(Extracted data entries)
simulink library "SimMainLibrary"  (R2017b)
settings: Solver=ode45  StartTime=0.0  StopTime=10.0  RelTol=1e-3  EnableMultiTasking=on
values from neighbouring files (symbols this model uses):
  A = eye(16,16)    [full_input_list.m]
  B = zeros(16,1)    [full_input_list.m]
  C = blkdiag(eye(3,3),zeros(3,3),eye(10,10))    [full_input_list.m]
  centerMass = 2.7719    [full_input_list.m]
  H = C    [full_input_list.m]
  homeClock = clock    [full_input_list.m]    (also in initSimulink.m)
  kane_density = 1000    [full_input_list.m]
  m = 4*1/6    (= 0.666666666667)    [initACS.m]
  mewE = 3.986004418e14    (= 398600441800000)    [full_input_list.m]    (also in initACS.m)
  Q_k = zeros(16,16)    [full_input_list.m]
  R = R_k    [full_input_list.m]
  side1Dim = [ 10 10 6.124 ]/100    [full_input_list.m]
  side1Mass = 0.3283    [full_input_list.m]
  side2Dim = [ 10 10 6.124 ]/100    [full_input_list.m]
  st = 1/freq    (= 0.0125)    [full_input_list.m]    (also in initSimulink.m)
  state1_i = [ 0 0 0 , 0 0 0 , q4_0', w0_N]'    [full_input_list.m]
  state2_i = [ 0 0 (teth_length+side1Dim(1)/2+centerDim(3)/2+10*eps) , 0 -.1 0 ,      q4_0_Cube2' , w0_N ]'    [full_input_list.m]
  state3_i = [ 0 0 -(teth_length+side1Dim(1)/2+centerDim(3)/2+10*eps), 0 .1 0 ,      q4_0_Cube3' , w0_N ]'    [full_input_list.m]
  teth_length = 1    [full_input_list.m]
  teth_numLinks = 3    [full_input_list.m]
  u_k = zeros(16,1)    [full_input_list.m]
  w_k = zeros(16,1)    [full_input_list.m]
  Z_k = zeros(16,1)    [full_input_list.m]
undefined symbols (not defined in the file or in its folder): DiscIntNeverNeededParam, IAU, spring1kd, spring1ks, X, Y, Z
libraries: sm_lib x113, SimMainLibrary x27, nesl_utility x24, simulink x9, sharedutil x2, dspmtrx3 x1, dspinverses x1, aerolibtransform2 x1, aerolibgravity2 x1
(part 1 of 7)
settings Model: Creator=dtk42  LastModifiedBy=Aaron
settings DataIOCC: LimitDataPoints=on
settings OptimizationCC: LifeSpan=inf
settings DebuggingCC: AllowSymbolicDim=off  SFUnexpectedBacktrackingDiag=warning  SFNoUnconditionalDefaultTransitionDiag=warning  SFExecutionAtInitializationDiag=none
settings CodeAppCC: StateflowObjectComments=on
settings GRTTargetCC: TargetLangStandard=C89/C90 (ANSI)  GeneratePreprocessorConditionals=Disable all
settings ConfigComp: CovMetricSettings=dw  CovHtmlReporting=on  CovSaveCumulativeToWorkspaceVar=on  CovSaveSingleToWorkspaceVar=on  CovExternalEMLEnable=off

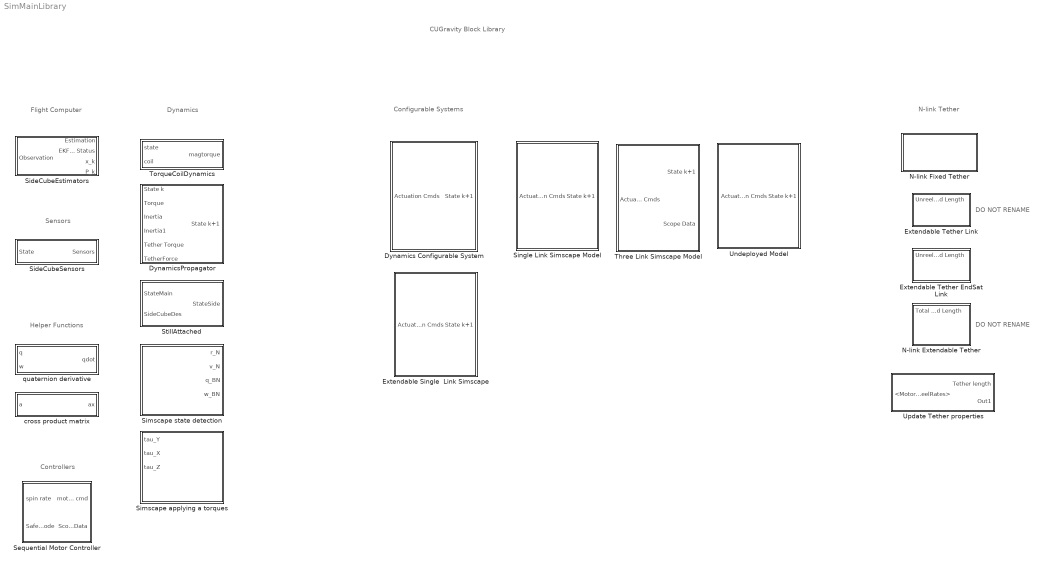
== system SimMainLibrary ==
  note: DO NOT RENAME
  note: N-link Tether
  note: Sensors
  note: CUGravity Block Library
  note: Flight Computer
  note: Dynamics
  note: Helper Functions
  note: Configurable Systems
  note: Controllers
  note: DO NOT RENAME
  Dynamics Configurable System : Subsystem  BlockChoice=Single Link Simscape Model
      settings: TemplateBlock=self  MemberBlocks="Extendable Single  Link Simscape ,Single Link Simscape Model,Three Link Simscape Model,Undeployed Model"
  DynamicsPropagator : Subsystem
  "Extendable Single  Link Simscape " : Subsystem
  Extendable Tether EndSat Link : Subsystem  AncestorBlock=SimMainLibrary/Extendable Tether Link
  Extendable Tether Link : Subsystem
  N-link Extendable Tether : Subsystem
  N-link Fixed Tether : Subsystem
  Sequential Motor Controller : Subsystem
  SideCubeEstimators : Subsystem
  SideCubeSensors : Subsystem
  Simscape applying a torques : Subsystem
  Simscape state detection : Subsystem
  Single Link Simscape Model : Subsystem
  StillAttached : Subsystem
  Three Link Simscape Model : Subsystem
  TorqueCoilDynamics : Subsystem
  Undeployed Model : Subsystem
  Update Tether properties : Subsystem
  cross product matrix : Subsystem
  quaternion derivative : Subsystem

== system SimMainLibrary/Dynamics Configurable System ==
  Actuation Cmds : Inport
  Single Link Simscape Model : SimMainLibrary/Single Link Simscape Model
      settings: SourceProductName=CUGravity Library
  State k+1 : Outport
  wires:
  Actuation Cmds/1 -> Single Link Simscape Model/1
  Single Link Simscape Model/1 -> State k+1/1

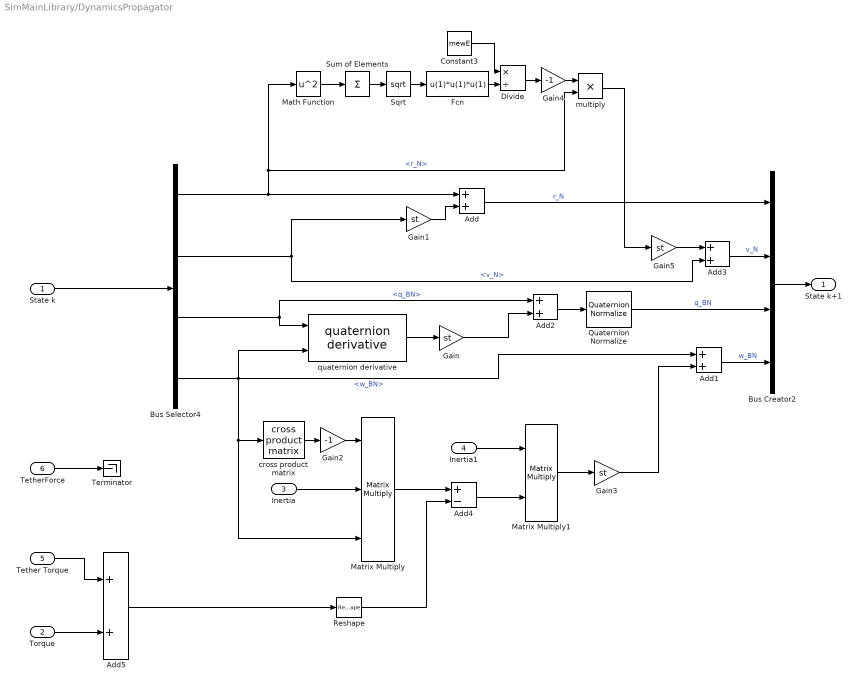
== system SimMainLibrary/DynamicsPropagator ==
  State k : Inport
  Torque : Inport  Port=2
  Inertia : Inport  Port=3
  Inertia1 : Inport  Port=4
  Tether Torque : Inport  Port=5
  TetherForce : Inport  Port=6
  Add{,1..3,5} (5 alike) : Sum
  Add4 : Sum  Inputs=+-
  Bus Creator2 : BusCreator  Inputs='r_N','v_N','q_BN','w_BN'
  Bus Selector4 : BusSelector  OutputSignals=r_N,v_N,q_BN,w_BN
  Constant3 : Constant  Value=mewE
  Divide : Product  Inputs=*/
  Fcn : Fcn  Expr=u(1)*u(1)*u(1)
  Gain{,1,3,5} (4 alike) : Gain  Gain=st
  Gain2 : Gain  Gain=-1
  Gain4 : Gain  Gain=-1
  Math Function : Math  Operator=square  SaturateOnIntegerOverflow=on
  Matrix Multiply : Product  Inputs=3  Multiplication=Matrix(*)
  Matrix Multiply1 : Product  Multiplication=Matrix(*)
  Quaternion Normalize : sharedutil/Quaternion Normalize
      settings: SourceProductName=Aerospace Blockset  SourceProductBaseCode=AE
  Reshape : Reshape  OutputDimensionality=Column vector (2-D)
  Sqrt : Sqrt  SaturateOnIntegerOverflow=on
  Sum of Elements : Sum  Inputs=+
  Terminator : Terminator
  cross product matrix : SimMainLibrary/cross product matrix
      settings: SourceProductName=CUGravity Library
  multiply : Product  Inputs=**
  quaternion derivative : SimMainLibrary/quaternion derivative
      settings: SourceProductName=CUGravity Library
  State k+1 : Outport
  wires:
  Quaternion Normalize/1 -> Bus Creator2/3  "q_BN"
  Math Function/1 -> Sum of Elements/1
  Bus Selector4/3 -> Add2/1, quaternion derivative/1  "<q_BN>"
  Gain5/1 -> Add3/1
  Sqrt/1 -> Fcn/1
  Bus Selector4/1 -> multiply/2, Math Function/1, Add/1  "<r_N>"
  Gain2/1 -> Matrix Multiply/1
  Bus Selector4/4 -> Matrix Multiply/3, cross product matrix/1, Add1/1, quaternion derivative/2  "<w_BN>"
  quaternion derivative/1 -> Gain/1
  Sum of Elements/1 -> Sqrt/1
  Gain4/1 -> multiply/1
  multiply/1 -> Gain5/1
  Gain3/1 -> Add1/2
  State k/1 -> Bus Selector4/1
  Bus Selector4/2 -> Gain1/1, Add3/2  "<v_N>"
  Gain/1 -> Add2/2
  Add1/1 -> Bus Creator2/4  "w_BN"
  Add2/1 -> Quaternion Normalize/1
  Add3/1 -> Bus Creator2/2  "v_N"
  Inertia/1 -> Matrix Multiply/2
  cross product matrix/1 -> Gain2/1
  Bus Creator2/1 -> State k+1/1
  Gain1/1 -> Add/2
  Add4/1 -> Matrix Multiply1/2
  Matrix Multiply1/1 -> Gain3/1
  Matrix Multiply/1 -> Add4/1
  Fcn/1 -> Divide/2
  Divide/1 -> Gain4/1
  Add/1 -> Bus Creator2/1  "r_N"
  Constant3/1 -> Divide/1
  TetherForce/1 -> Terminator/1
  Tether Torque/1 -> Add5/1
  Torque/1 -> Add5/2
  Add5/1 -> Reshape/1
  Inertia1/1 -> Matrix Multiply1/1
  Reshape/1 -> Add4/2
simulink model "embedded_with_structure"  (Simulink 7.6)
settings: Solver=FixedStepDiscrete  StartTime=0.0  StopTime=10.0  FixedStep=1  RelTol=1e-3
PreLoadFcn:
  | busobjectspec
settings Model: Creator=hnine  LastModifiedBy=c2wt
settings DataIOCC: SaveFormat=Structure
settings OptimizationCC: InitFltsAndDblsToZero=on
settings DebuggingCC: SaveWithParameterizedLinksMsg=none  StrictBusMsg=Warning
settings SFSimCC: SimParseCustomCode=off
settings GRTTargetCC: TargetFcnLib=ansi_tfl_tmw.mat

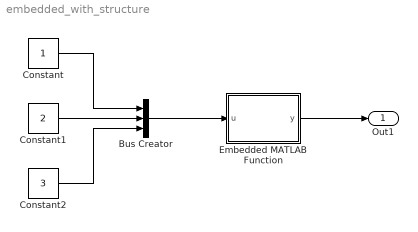
== system embedded_with_structure ==
  Bus Creator : BusCreator  Inputs=3  OutDataTypeStr=Bus: bosecondary  NonVirtualBus=on
  Constant : Constant  OutDataTypeStr=double
  Constant1 : Constant  Value=2  OutDataTypeStr=single
  Constant2 : Constant  Value=3  OutDataTypeStr=uint32
  Embedded MATLAB Function : Stateflow chart  TreatAsAtomicUnit=on
  Out1 : Outport
  wires:
  Constant/1 -> Bus Creator/1
  Constant1/1 -> Bus Creator/2
  Constant2/1 -> Bus Creator/3
  Bus Creator/1 -> Embedded MATLAB Function/1(u)
  Embedded MATLAB Function/1(y) -> Out1/1

== matlab function Embedded MATLAB Function ==
  data: u input Bus: bosecondary; y output double
% SL_CodeGen SHOULD IGNORE LEADING COMMENTS
% ON FUNCTIONS
function y = fcn(u)
%#eml

y = u.Pressure;

### THE PROBLEM:
Copy out, word for word, the part of the entries above that begins at the line with "Sqrt : Sqrt" and ends at the line with "settings OptimizationCC: InitFltsAndDblsToZero=on", including both.

### EXPECTED ANSWER:
  Sqrt : Sqrt  SaturateOnIntegerOverflow=on
  Sum of Elements : Sum  Inputs=+
  Terminator : Terminator
  cross product matrix : SimMainLibrary/cross product matrix
      settings: SourceProductName=CUGravity Library
  multiply : Product  Inputs=**
  quaternion derivative : SimMainLibrary/quaternion derivative
      settings: SourceProductName=CUGravity Library
  State k+1 : Outport
  wires:
  Quaternion Normalize/1 -> Bus Creator2/3  "q_BN"
  Math Function/1 -> Sum of Elements/1
  Bus Selector4/3 -> Add2/1, quaternion derivative/1  "<q_BN>"
  Gain5/1 -> Add3/1
  Sqrt/1 -> Fcn/1
  Bus Selector4/1 -> multiply/2, Math Function/1, Add/1  "<r_N>"
  Gain2/1 -> Matrix Multiply/1
  Bus Selector4/4 -> Matrix Multiply/3, cross product matrix/1, Add1/1, quaternion derivative/2  "<w_BN>"
  quaternion derivative/1 -> Gain/1
  Sum of Elements/1 -> Sqrt/1
  Gain4/1 -> multiply/1
  multiply/1 -> Gain5/1
  Gain3/1 -> Add1/2
  State k/1 -> Bus Selector4/1
  Bus Selector4/2 -> Gain1/1, Add3/2  "<v_N>"
  Gain/1 -> Add2/2
  Add1/1 -> Bus Creator2/4  "w_BN"
  Add2/1 -> Quaternion Normalize/1
  Add3/1 -> Bus Creator2/2  "v_N"
  Inertia/1 -> Matrix Multiply/2
  cross product matrix/1 -> Gain2/1
  Bus Creator2/1 -> State k+1/1
  Gain1/1 -> Add/2
  Add4/1 -> Matrix Multiply1/2
  Matrix Multiply1/1 -> Gain3/1
  Matrix Multiply/1 -> Add4/1
  Fcn/1 -> Divide/2
  Divide/1 -> Gain4/1
  Add/1 -> Bus Creator2/1  "r_N"
  Constant3/1 -> Divide/1
  TetherForce/1 -> Terminator/1
  Tether Torque/1 -> Add5/1
  Torque/1 -> Add5/2
  Add5/1 -> Reshape/1
  Inertia1/1 -> Matrix Multiply1/1
  Reshape/1 -> Add4/2
simulink model "embedded_with_structure"  (Simulink 7.6)
settings: Solver=FixedStepDiscrete  StartTime=0.0  StopTime=10.0  FixedStep=1  RelTol=1e-3
PreLoadFcn:
  | busobjectspec
settings Model: Creator=hnine  LastModifiedBy=c2wt
settings DataIOCC: SaveFormat=Structure
settings OptimizationCC: InitFltsAndDblsToZero=on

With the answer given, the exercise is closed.